The Cardium Formation (deposited in the Late Cretaceous, approximately 88 million years ago) consists of interbedded sandstone and shale, and some local conglomerate, spread over much of western Alberta.[21] Over the past fifty years, conglomerates and porous sandstones have been targeted for conventional production of oil, mainly from the Pembina Field.[22] The Cardium Formation in Alberta is estimated to have contained 1 678 million m³ (10.6 billion barrels) of oil originally in place, 1 490 million m³ (9.4 billion barrels) of which was in the Pembina Field. Since its discovery in the 1950s, 234 million m³ (1.5 billion barrels) of Cardium oil has been produced as of year-end 2010.

[21] Krause, F.F., et al., 1994. Chapter 23, Atlas of the Western Canada Sedimentary Basin.
[22] Energy Resources Conservation Board (ERCB). Annual Reserves Data. June 2011.
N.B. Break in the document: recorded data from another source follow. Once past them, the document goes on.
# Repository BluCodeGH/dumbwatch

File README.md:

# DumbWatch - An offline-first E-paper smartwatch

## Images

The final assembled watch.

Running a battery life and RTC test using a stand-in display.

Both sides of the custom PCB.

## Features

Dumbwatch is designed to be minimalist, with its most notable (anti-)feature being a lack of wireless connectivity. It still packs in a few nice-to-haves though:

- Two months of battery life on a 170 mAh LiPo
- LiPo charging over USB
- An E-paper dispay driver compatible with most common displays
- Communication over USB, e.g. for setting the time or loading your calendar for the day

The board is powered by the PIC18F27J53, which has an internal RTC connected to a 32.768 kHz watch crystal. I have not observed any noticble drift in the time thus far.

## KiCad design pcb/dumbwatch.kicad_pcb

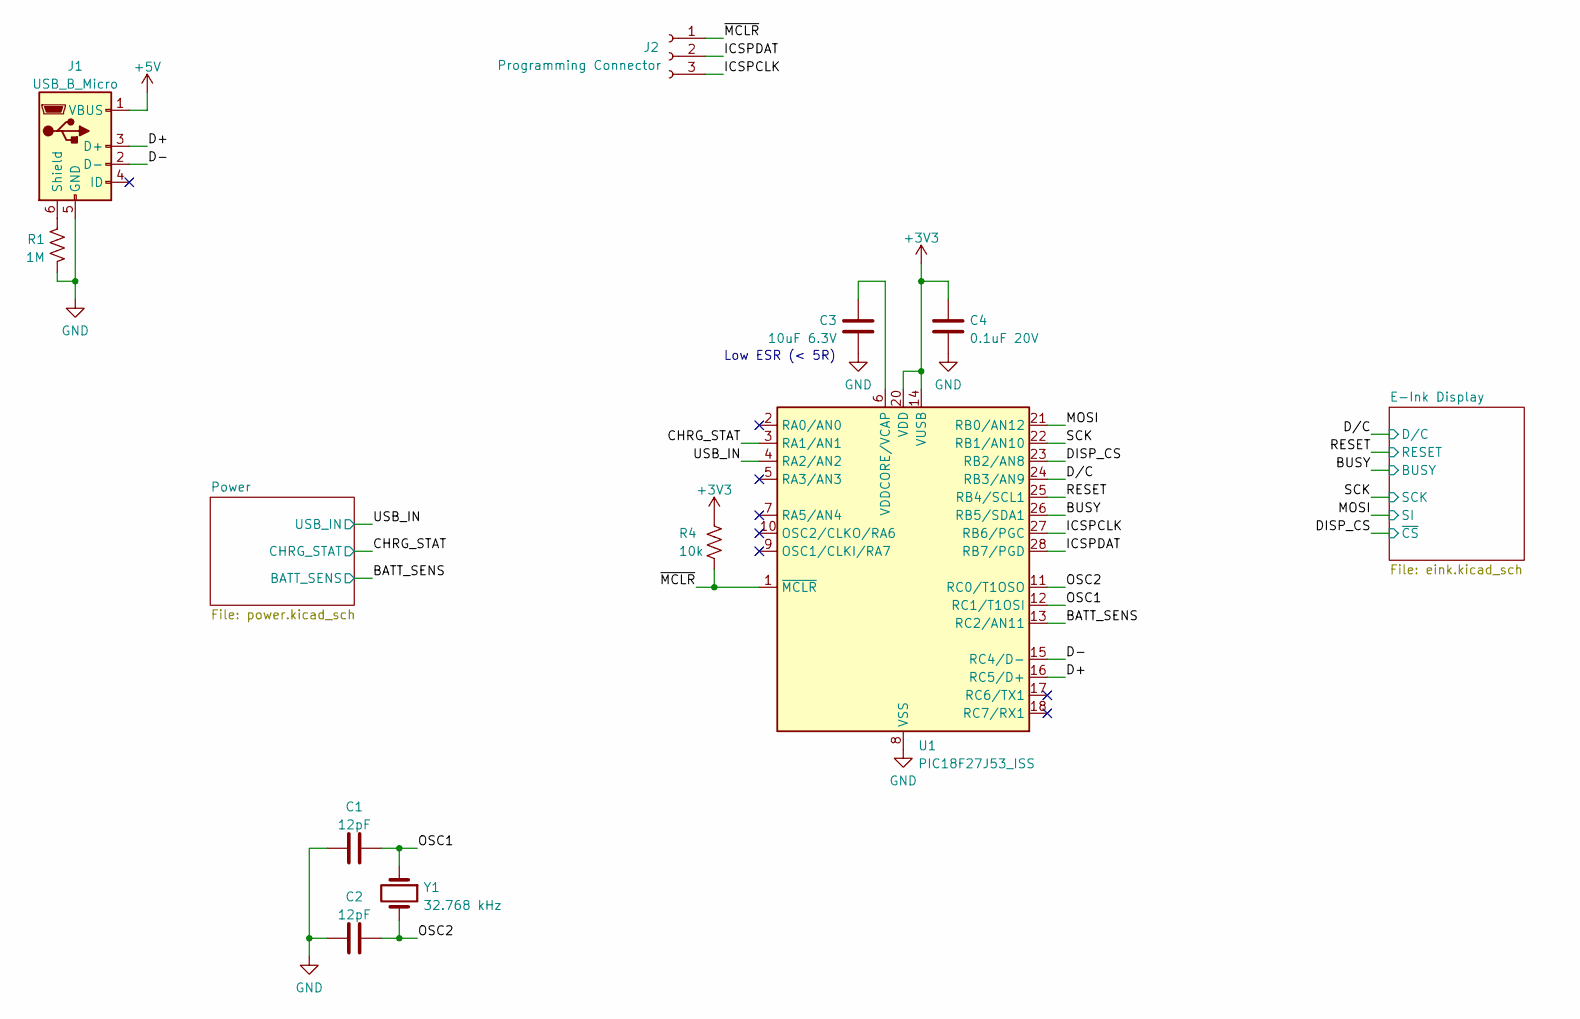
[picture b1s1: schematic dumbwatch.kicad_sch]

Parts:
C1, C2: 12pF; C_0805_2012Metric_Pad1.18x1.45mm_HandSolder
C3: 10uF 6.3V; C_0805_2012Metric_Pad1.18x1.45mm_HandSolder
C4: 0.1uF 20V; C_0805_2012Metric_Pad1.18x1.45mm_HandSolder
J1: USB_B_Micro; USB_Micro-B_Amphenol_10104110_Horizontal
J2: Programming Connector; PinHeader_3x2.54_SMD_90deg
R1: 1M; R_0805_2012Metric_Pad1.20x1.40mm_HandSolder
R4: 10k; R_0805_2012Metric_Pad1.20x1.40mm_HandSolder
U1: PIC18F27J53_ISS; SSOP-28_5.3x10.2mm_P0.65mm
Y1: 32.768 kHz; Crystal_SMD_MicroCrystal_MS3V-T1R

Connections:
+3V3: C4.2, R4.1, U1.14 (VUSB), U1.20 (VDD); also elsewhere on the board
+5V: J1.1 (VBUS); also elsewhere on the board
/BATT_SENS: U1.13 (RC2/AN11); also elsewhere on the board
/BUSY: U1.26 (RB5/SDA1); also elsewhere on the board
/CHRG_STAT: U1.3 (RA1/AN1); also elsewhere on the board
/D+: J1.3 (D+), U1.16 (RC5/D+)
/D-: J1.2 (D-), U1.15 (RC4/D-)
/DISP_CS: U1.23 (RB2/AN8); also elsewhere on the board
/D/C: U1.24 (RB3/AN9); also elsewhere on the board
/ICSPCLK: J2.3, U1.27 (RB6/PGC)
/ICSPDAT: J2.2, U1.28 (RB7/PGD)
/MOSI: U1.21 (RB0/AN12); also elsewhere on the board
/OSC1: C1.2, U1.12 (RC1/T1OSI), Y1.1
/OSC2: C2.2, U1.11 (RC0/T1OSO), Y1.2
/RESET: U1.25 (RB4/SCL1); also elsewhere on the board
/SCK: U1.22 (RB1/AN10); also elsewhere on the board
/USB_IN: U1.4 (RA2/AN2); also elsewhere on the board
/~MCLR: J2.1, R4.2, U1.1 (~MCLR)
GND: C1.1, C2.1, C3.1, C4.1, J1.5 (GND), R1.1, U1.8 (VSS), U1.19 (VSS); also elsewhere on the board
unnamed: C3.2, U1.6 (VDDCORE/VCAP)
unnamed: J1.6 (Shield), R1.2

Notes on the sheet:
Low ESR (< 5R)

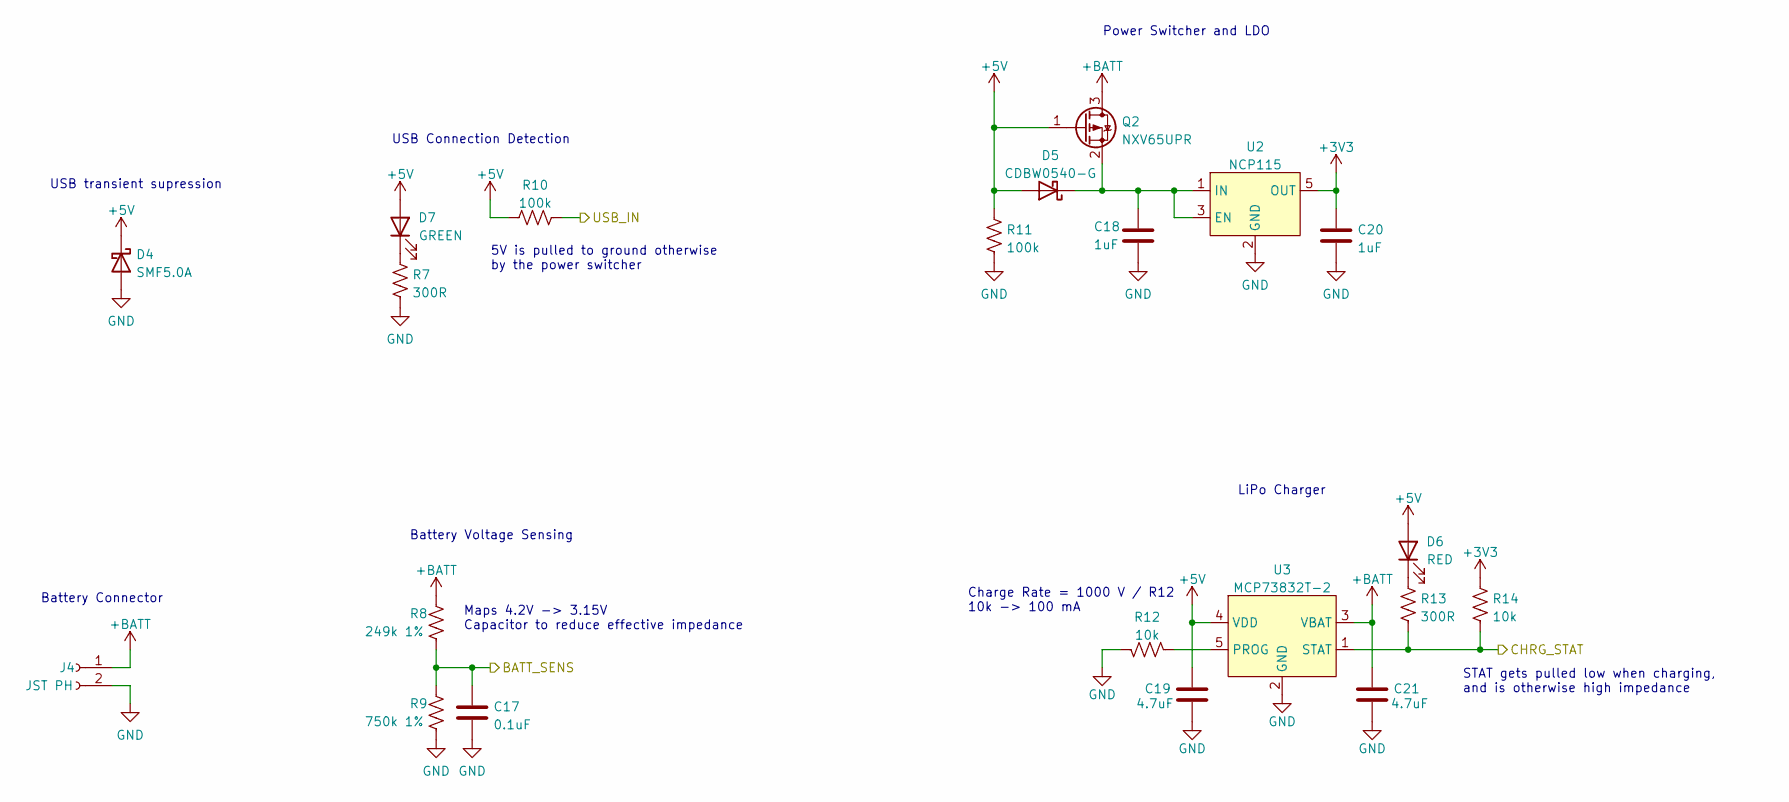
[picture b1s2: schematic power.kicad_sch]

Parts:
C17: 0.1uF; C_0805_2012Metric_Pad1.18x1.45mm_HandSolder
C18, C20: 1uF; C_0805_2012Metric_Pad1.18x1.45mm_HandSolder
C19, C21: 4.7uF; C_0805_2012Metric_Pad1.18x1.45mm_HandSolder
D4: SMF5.0A; D_SOD-123F
D5: CDBW0540-G; D_SOD-123
D6: RED; LED_1206_3216Metric_Pad1.42x1.75mm_HandSolder
D7: GREEN; LED_1206_3216Metric_Pad1.42x1.75mm_HandSolder
J4: JST PH; JST_PH_S2B-PH-K_1x02_P2.00mm_Horizontal
Q2: NXV65UPR; SOT-23
R7, R13: 300R; R_0805_2012Metric_Pad1.20x1.40mm_HandSolder
R8: 249k 1%; R_0805_2012Metric_Pad1.20x1.40mm_HandSolder
R9: 750k 1%; R_0805_2012Metric_Pad1.20x1.40mm_HandSolder
R10, R11: 100k; R_0805_2012Metric_Pad1.20x1.40mm_HandSolder
R12, R14: 10k; R_0805_2012Metric_Pad1.20x1.40mm_HandSolder
U2: NCP115; TSOT-23-5
U3: MCP73832T-2; SOT-23-5

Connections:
+3V3: C20.1, R14.1, U2.5 (OUT); also elsewhere on the board
+5V: C19.1, D4.1 (K), D5.2 (A), D6.2 (A), D7.2 (A), Q2.1 (G), R10.1, R11.1, U3.4 (VDD); also elsewhere on the board
+BATT: C21.1, J4.1, Q2.3 (D), R8.1, U3.3 (VBAT)
/BATT_SENS: C17.1, R8.2, R9.1; also elsewhere on the board
/CHRG_STAT: R13.2, R14.2, U3.1 (STAT); also elsewhere on the board
/USB_IN: R10.2; also elsewhere on the board
GND: C17.2, C18.2, C19.2, C20.2, C21.2, D4.2 (A), J4.2, R7.1, R9.2, R11.2, R12.2, U2.2 (GND), U3.2 (GND); also elsewhere on the board
unnamed: C18.1, D5.1 (K), Q2.2 (S), U2.1 (IN), U2.3 (EN)
unnamed: D6.1 (K), R13.1
unnamed: D7.1 (K), R7.2
unnamed: R12.1, U3.5 (PROG)

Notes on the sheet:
5V is pulled to ground otherwise by the power switcher
Battery Voltage Sensing
Charge Rate = 1000 V / R12 10k -> 100 mA
Maps 4.2V -> 3.15V Capacitor to reduce effective impedance
Battery Connector
USB Connection Detection
STAT gets pulled low when charging, and is otherwise high impedance
Power Switcher and LDO
USB transient supression
LiPo Charger

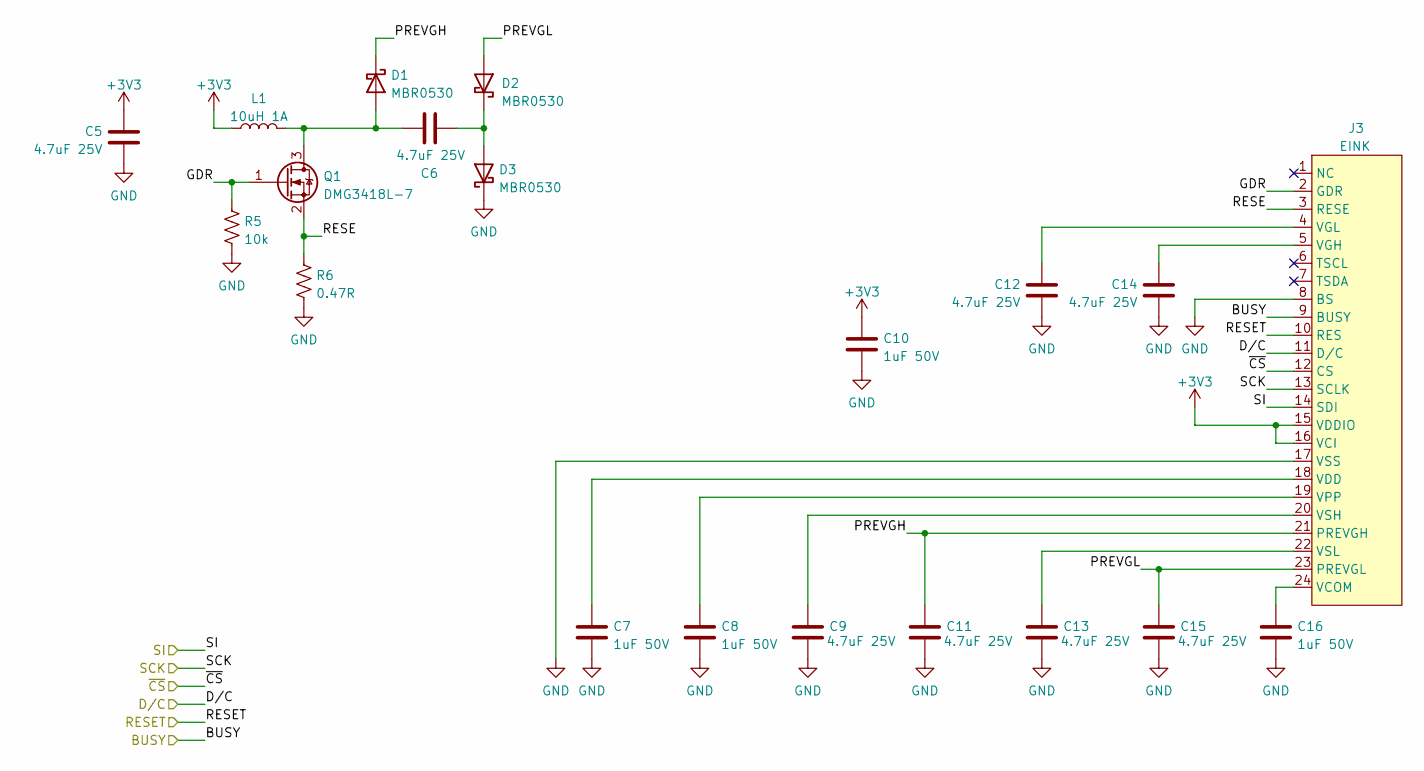
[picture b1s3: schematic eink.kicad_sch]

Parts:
C5, C6, C9, C11, C12, C13, C14, C15: 4.7uF 25V; C_0805_2012Metric_Pad1.18x1.45mm_HandSolder
C7, C8, C10, C16: 1uF 50V; C_0805_2012Metric_Pad1.18x1.45mm_HandSolder
D1, D2, D3: MBR0530; D_SOD-123
J3: EINK; Hirose_FH12-24S-0.5SH_1x24-1MP_P0.50mm_Horizontal
L1: 10uH 1A; L_1210_3225Metric_Pad1.42x2.65mm_HandSolder
Q1: DMG3418L-7; SOT-23
R5: 10k; R_0805_2012Metric_Pad1.20x1.40mm_HandSolder
R6: 0.47R; R_0805_2012Metric_Pad1.20x1.40mm_HandSolder

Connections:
+3V3: C5.1, C10.1, J3.15 (VDDIO), J3.16 (VCI), L1.1; also elsewhere on the board
/BUSY: J3.9 (BUSY); also elsewhere on the board
/DISP_CS: J3.12 (CS); also elsewhere on the board
/D/C: J3.11 (D/C); also elsewhere on the board
/E-Ink Display/GDR: J3.2 (GDR), Q1.1 (G), R5.1
/E-Ink Display/PREVGH: C11.1, D1.1 (K), J3.21 (PREVGH)
/E-Ink Display/PREVGL: C15.1, D2.2 (A), J3.23 (PREVGL)
/E-Ink Display/RESE: J3.3 (RESE), Q1.2 (S), R6.1
/MOSI: J3.14 (SDI); also elsewhere on the board
/RESET: J3.10 (RES); also elsewhere on the board
/SCK: J3.13 (SCLK); also elsewhere on the board
GND: C5.2, C7.2, C8.2, C9.2, C10.2, C11.2, C12.2, C13.2, C14.2, C15.2, C16.2, D3.1 (K), J3.8 (BS), J3.17 (VSS), R5.2, R6.2; also elsewhere on the board
unnamed: C6.1, D1.2 (A), L1.2, Q1.3 (D)
unnamed: C6.2, D2.1 (K), D3.2 (A)
unnamed: C7.1, J3.18 (VDD)
unnamed: C8.1, J3.19 (VPP)
unnamed: C9.1, J3.20 (VSH)
unnamed: C12.1, J3.4 (VGL)
unnamed: C13.1, J3.22 (VSL)
unnamed: C14.1, J3.5 (VGH)
unnamed: C16.1, J3.24 (VCOM)

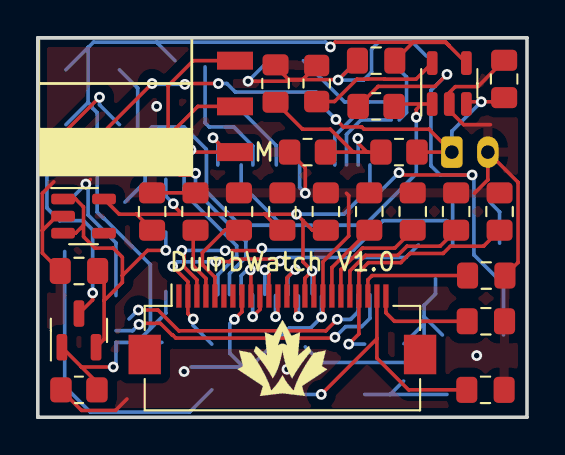
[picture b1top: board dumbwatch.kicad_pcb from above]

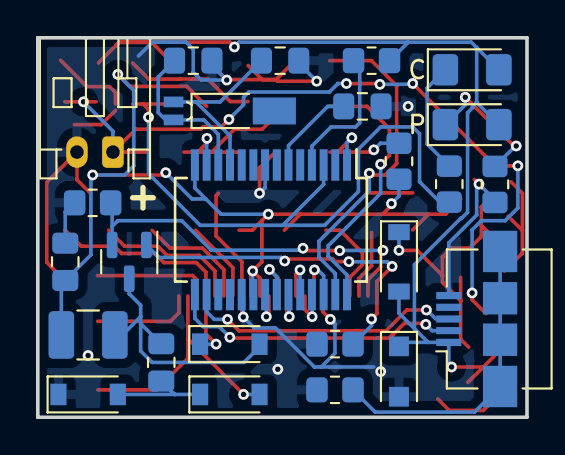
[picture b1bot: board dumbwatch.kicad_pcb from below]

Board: 2 copper layers, 27.2 x 21.1 mm, 51 parts (25 on the bottom side), 39 nets.

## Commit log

2022-10-03 Routing in progress with USB C connector
2022-10-23 PCB rev 1 complete
2022-10-23 Remove unused libraries
2022-10-23 Create LICENSE
2022-11-03 Rename hardware/ to pcb/
2022-11-03 First case prototype
2022-12-16 Get display, RTC working
2022-12-23 Firmware working
2023-01-05 Add images
2023-10-06 Update firmware for flexible e-paper
2024-04-13 Add assembled image

The Cardium Formation has been interpreted to be the deposits of a coastal system (Figure 11).[23] Periodically, the sea level fell and deposited shoreline conglomerates and sandstones (what became the conventional oil reservoirs) on the muddy sea floor. Thus, much of the area around the fringe of these conglomerate bodies consists of low-permeability, muddy sandstone and has marginal reservoir quality only now being targeted. One estimate suggests there could be an additional 159 106m³ (1.0 billion barrels) to 477 106m³ (3.0 billion barrels) of oil in place around these fringes.[24] So far, companies have publicly reported 21 million m³ (130 million barrels) of proved and probable reserves from these new areas of the Cardium.

[23] Plint, AG. 1988. Sharp-based shoreface sequences and “offshore bars” in the Cardium Formation of Alberta: their relationship to relative changes in sea-level. In Sea-level Changes: An Integrated Approach, SEPM Special Publication Vol. 42, pp. 357-370.
[24] New Technology Magazine. Amid plenty of debate, unconventional resource players search for the best approach to horizontal, multifrac wells, August 2011.

Figure 11 - Map of dispositional setting during Middle Cardium shale deposition

Figure 11 - Map of dispositional setting during Middle Cardium shale deposition

Source: modified from Atlas of the Western Canada Sedimentary Basin

Viking Formation (Alberta and Saskatchewan)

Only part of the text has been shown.